Segment Start: PROVIDED ENTRIES

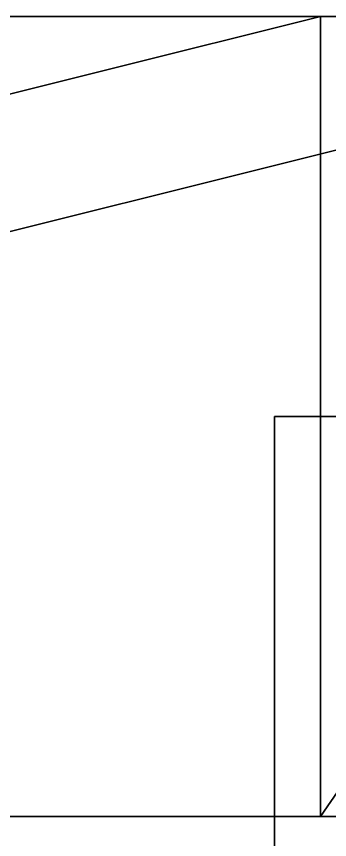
# Model space of a CAD drawing. Header units: millimetres. Extents: x -510 to 550, y -577 to 577.
# Drawn here: x 393.9 to 413.4, y -306.4 to -255 of the extents above; entities that cross this region are included whole.
import ezdxf

# ---------------------------------------------------------------- set-up
doc = ezdxf.new("R2010")
doc.units = ezdxf.units.MM
doc.layers.add('bogie_right_visual_1', color=7, linetype='Continuous', true_color=0x5c6b75)
doc.layers.add('front_right_support_collision', color=7, linetype='Continuous', true_color=0x5c6b75)

msp = doc.modelspace()

# ---------------------------------------------------------------- linework, layer by layer
at = {"layer": 'bogie_right_visual_1', "true_color": 0x5c6b75}
for points in [[(212.709, -305, -108.201), (412.881, -255, -298.075), (412.881, -305, -298.075)], [(212.709, -305, -108.201), (212.709, -255, -108.201), (412.881, -255, -298.075)], [(412.881, -255, -298.075), (212.709, -255, -108.201), (247.119, -255, -71.925)], [(247.119, -305, -71.925), (447.291, -305, -261.799), (447.291, -255, -261.799)], [(247.119, -305, -71.925), (447.291, -255, -261.799), (247.119, -255, -71.925)], [(412.881, -255, -298.075), (247.119, -255, -71.925), (447.291, -255, -261.799)], [(412.881, -305, -298.075), (412.881, -255, -298.075), (447.291, -255, -261.799)], [(412.881, -305, -298.075), (447.291, -255, -261.799), (447.291, -305, -261.799)], [(212.709, -305, -108.201), (412.881, -305, -298.075), (447.291, -305, -261.799)], [(212.709, -305, -108.201), (447.291, -305, -261.799), (247.119, -305, -71.925)]]:
    msp.add_3dface(points, dxfattribs=at)
at = {"layer": 'front_right_support_collision', "true_color": 0x5c6b75}
for points in [[(410, -450, -122.5), (450, -280, -122.5), (450, -450, -122.5)], [(410, -450, -122.5), (410, -280, -122.5), (450, -280, -122.5)], [(410, -450, -97.5), (450, -450, -97.5), (450, -280, -97.5)], [(410, -450, -97.5), (450, -280, -97.5), (410, -280, -97.5)], [(450, -280, -122.5), (410, -280, -122.5), (410, -280, -97.5)], [(450, -280, -122.5), (410, -280, -97.5), (450, -280, -97.5)], [(410, -280, -122.5), (410, -450, -122.5), (410, -450, -97.5)], [(410, -280, -122.5), (410, -450, -97.5), (410, -280, -97.5)]]:
    msp.add_3dface(points, dxfattribs=at)

doc.saveas('drawing.dxf')

Segment End: PROVIDED ENTRIES

# TASK
Copy out every line of the listing where the word "drawing" occurs.

# TASK SOLUTION
# Model space of a CAD drawing. Header units: millimetres. Extents: x -510 to 550, y -577 to 577.
doc.saveas('drawing.dxf')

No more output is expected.